Categorization and discrimination of nonspeech sounds: differences between steady-state and rapidly-changing acoustic cues.

Different patterns of performance across vowels and consonants in tests of categorization and discrimination indicate that vowels tend to be perceived more continuously, or less categorically, than consonants. The present experiments examined whether analogous differences in perception would arise in nonspeech sounds that share critical transient acoustic cues of consonants and steady-state spectral cues of simplified synthetic vowels. Listeners were trained to categorize novel nonspeech sounds varying along a continuum defined by a steady-state cue, a rapidly-changing cue, or both cues. Listeners' categorization of stimuli varying on the rapidly changing cue showed a sharp category boundary and posttraining discrimination was well predicted from the assumption of categorical perception. Listeners more accurately discriminated but less accurately categorized steady-state nonspeech stimuli.
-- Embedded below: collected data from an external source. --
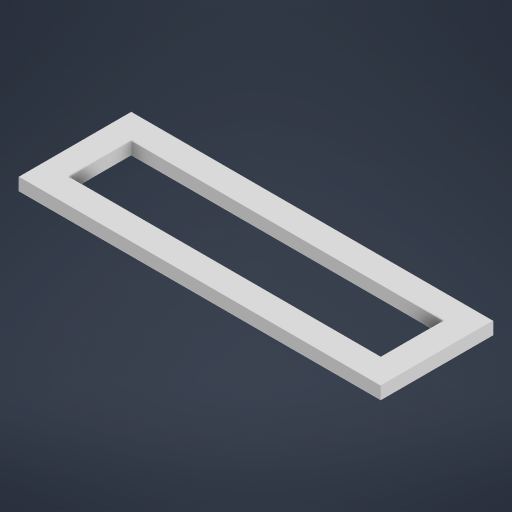
# Autodesk Inventor part: Langbektang houder
Saved by Autodesk Inventor 2023.2 (Build 272271000, 271)
## iProperties
Created: 2020-09-09
Part Number: Langbektang houder
Material: Generic
Document SubType Name: Modeling
Designer: nathan.bollaert
Density: 1 g/cm^3
Appearance: Default
Author: nathan.bollaert
Autodesk Inventor part; units mm, degrees
ref_plane "YZ Plane" through (0, 0, 0) normal (1, 0, 0) x (0, 1, 0)
ref_plane "XZ Plane" through (0, 0, 0) normal (0, 1, 0) x (-1, 0, 0)
ref_plane "XY Plane" through (0, 0, 0) normal (0, 0, 1) x (1, 0, 0)
sketch "Sketch1" plane through (0, 0, 0) normal (0, 1, 0) x (-1, 0, 0)
  line L0 (-50, 10) -> (50, 10)
  line L1 (50, 10) -> (50, -10)
  line L2 (50, -10) -> (-50, -10)
  line L3 (-50, -10) -> (-50, 10)
  line L4 (-50, 10) -> (50, -10) construction
  line L5 (50, 10) -> (-50, -10) construction
  line L6 (-50, 10) -> (50, 10) construction
  line L7 (-58, -18) -> (58, -18)
  line L8 (58, -18) -> (58, 18)
  line L9 (58, 18) -> (-58, 18)
  line L10 (-58, 18) -> (-58, -18)
  line L11 (-58, -18) -> (58, 18) construction
  line L12 (58, -18) -> (-58, 18) construction
  point P0 (0, 0)
  dimension "d230" = 100
  dimension "d232" = 20
  dimension "d234" = 8
  dimension "d235" = 8
  constraints: 26 end point, 4 midpoint, 4 parallel, 3 horizontal, 2 perpendicular, 1 collinear
  measures "d230" distance of L0.start L0.end
  measures "d232" distance of L0.end L1.end
  measures "d234" distance between parallel lines of L8 L1
  measures "d235" distance between parallel lines of L0 L9
extrude "Extrusion1" add sketch "Sketch1" along normal blind 4
body "Solid5"
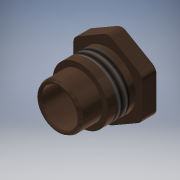
# Autodesk Inventor part: Packing Nut
Saved by Autodesk Inventor 2018 (Build 220112000, 112)
## iProperties
Shininess: 64.0
Length Units: 11269
Angle Units: 11279
Time Units: 11290
Mass Units: 11283
Length Display Precision: 3
Angle Display Precision: 2
Compacted: True
Part Number: Packing Nut
Document SubType Name: Modeling
Created: 2003-04-15
Designer: James M. Leake
Material: Bronze, Soft Tin
Density: 8.874 g/cm^3
Appearance: Bronze - Satin
Density: 0.0
Volumn: 0.0
Area: 0.0
PropertySet Name: Model Information
Control State: 0
Master: False
Checked Out: False
Author: James M. Leake
Autodesk Inventor part; units mm, degrees
ref_plane "YZ Plane" through (0, 0, 0) normal (1, 0, 0) x (0, 1, 0)
ref_plane "XZ Plane" through (0, 0, 0) normal (0, 1, 0) x (-1, 0, 0)
ref_plane "XY Plane" through (0, 0, 0) normal (0, 0, 1) x (1, 0, 0)
sketch "Sketch1" plane through (0, 0, 0) normal (0, 0, 1) x (1, 0, 0)
  line L0 (-1, 0) -> (13, 0) projected
  line L1 (0, -2.3) -> (0, 29.9) projected
  line L2 (6.5, 0) -> (6.5, 18)
  line L3 (6.5, 18) -> (8.5, 18)
  line L4 (8.5, 18) -> (8.5, 21)
  line L5 (8.5, 21) -> (6.5, 21)
  line L6 (6.5, 21) -> (6.5, 23)
  line L7 (6.5, 23) -> (10, 23)
  line L8 (10, 23) -> (10, 8)
  line L9 (10, 8) -> (8, 8)
  line L10 (8, 8) -> (8, 0)
  line L11 (8, 0) -> (6.5, 0)
  point P0 (0, 0)
  dimension "d0" = 13
  dimension "d1" = 16
  dimension "d2" = 20
  dimension "d3" = 8
  dimension "d4" = 23
  dimension "d5" = 2
  dimension "d6" = 3
  dimension "d7" = 2
  constraints: 20 end point, 6 parallel, 3 perpendicular, 2 collinear, 2 point on line
  measures "d0" diameter of L2 L1
  measures "d1" diameter of L10 L1
  measures "d2" diameter of L8 L1
  measures "d3" distance of L9.end L10.end
  measures "d4" distance between parallel lines of L7 L0
  measures "d5" distance of L5.end L6.end
  measures "d6" distance of L3.end L4.end
  measures "d7" distance of L2.end L3.end
revolve "Revolution1" add sketch "Sketch1" angle 360 about axis through (0, -10, 0) along (0, 1, 0)
sketch "Sketch2" plane through (0, 23, 0) normal (0, 1, 0) x (1, 0, 0)
  circle A0 centre (0, 0) radius 10 projected
  circle A1 centre (0, 0) radius 6.5 projected
  line L0 (-12, 0) -> (16, 0) projected
  line L1 (0, 12) -> (0, -16) projected
  line L2 (0, -14.4338) -> (-12.5, -7.2169)
  line L3 (-12.5, -7.2169) -> (-12.5, 7.2169)
  line L4 (-12.5, 7.2169) -> (0, 14.4338)
  line L5 (0, 14.4338) -> (12.5, 7.2169)
  line L6 (12.5, 7.2169) -> (12.5, -7.2169)
  line L7 (12.5, -7.2169) -> (0, -14.4338)
  dimension "d9" = 25
  constraints: 12 end point, 1 coincident, 1 point on line, 11 other
  measures "d9" distance between parallel lines of L6 L3
extrude "Extrusion1" add sketch "Sketch2" against normal blind 5 contours L0 L6 L7 L1 A0 | A0 L1 L2 L3 L4 L5 L6 L0
fillet "Fillet1" radius 3 6 edges at (0, 20.5, 14.4338) (-12.5, 20.5, 7.2169) (-12.5, 20.5, -7.2169) (0, 20.5, -14.4338) (12.5, 20.5, -7.2169) (12.5, 20.5, 7.2169)
chamfer "Chamfer1" distance 0.5 angle 45 1 edges at (-6.5, 0, 0)
chamfer "Chamfer2" distance 0.5 distance2 1 1 edges at (-8, 0, 0) measured on face at (7.5214, 0, 1.1966)
thread "Thread1" size "M20x2.5" class "6g" standard "ANSI Metric M Profile" length 5 offset 3
body "Solid1"
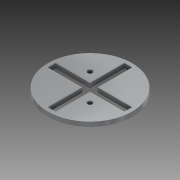
# Autodesk Inventor part: TransparentTop
Saved by Autodesk Inventor 2014 (Build 180170000, 170)
## iProperties
Created: 2013-12-17
Part Number: TransparentTop
Material: Generic
Document SubType Name: Modeling
Designer: blacki
Density: 1 g/cm^3
Appearance: Clear Reflective
Author: blacki
Autodesk Inventor part; units mm, degrees
ref_plane "YZ Plane" through (0, 0, 0) normal (1, 0, 0) x (0, 1, 0)
ref_plane "XZ Plane" through (0, 0, 0) normal (0, 1, 0) x (-1, 0, 0)
ref_plane "XY Plane" through (0, 0, 0) normal (0, 0, 1) x (1, 0, 0)
sketch "Sketch1" plane through (0, 0, 0) normal (0, 0, 1) x (1, 0, 0)
  circle A0 centre (0, 0) radius 27.5
  dimension "d0" = 55
  constraints: 1 centre point, 1 coincident
  measures "d0" diameter of A0
extrude "Extrusion1" add sketch "Sketch1" along normal blind 3
sketch "Sketch2" plane through (0, 0, 0) normal (0, 0, -1) x (-1, 0, 0)
  circle A0 centre (0, 0) radius 27.5 projected
  line L0 (-2.5, -25) -> (-2.5, 25)
  line L1 (-2.5, 25) -> (2.5, 25)
  line L2 (2.5, 25) -> (2.5, -25)
  line L3 (2.5, -25) -> (-2.5, -25)
  line L4 (-2.5, -25) -> (2.5, 25) construction
  line L5 (-2.5, 25) -> (2.5, -25) construction
  line L6 (-25, -2.5) -> (25, -2.5)
  line L7 (25, -2.5) -> (25, 2.5)
  line L8 (25, 2.5) -> (-25, 2.5)
  line L9 (-25, 2.5) -> (-25, -2.5)
  line L10 (-25, -2.5) -> (25, 2.5) construction
  line L11 (25, -2.5) -> (-25, 2.5) construction
  dimension "d3" = 50
  dimension "d4" = 5
  dimension "d5" = 50
  dimension "d6" = 5
  constraints: 24 end point, 4 midpoint, 4 parallel, 2 perpendicular, 1 horizontal, 1 vertical
  measures "d3" distance between parallel lines of L3 L1
  measures "d4" distance between parallel lines of L2 L0
  measures "d5" distance of L8.end L7.end
  measures "d6" distance of L7.end L6.end
extrude "Extrusion2" cut sketch "Sketch2" against normal up to next contours L0 L6 L2 L3 | L6 L9 L8 L0 | L0 L8 L2 L6 | L0 L1 L2 L8 | L2 L8 L7 L6
sketch "Sketch3" plane through (0, 0, 0) normal (0, 0, -1) x (-1, 0, 0)
  circle A0 centre (8.8388, 8.8388) radius 1.5 projected
  circle A1 centre (-8.8388, -8.8388) radius 1.5 projected
extrude "Extrusion3" cut sketch "Sketch3" against normal up to next
body "Solid1"

When listeners categorized stimuli defined by both rapidly-changing and steady-state cues, discrimination performance was accurate and the categorization function exhibited a sharp boundary. These data are similar to those found in experiments with dynamic vowels, which are defined by both steady-state and rapidly-changing acoustic cues. A general account for the speech and nonspeech patterns is proposed based on the supposition that the perceptual trace of rapidly-changing sounds decays faster than the trace of steady-state sounds.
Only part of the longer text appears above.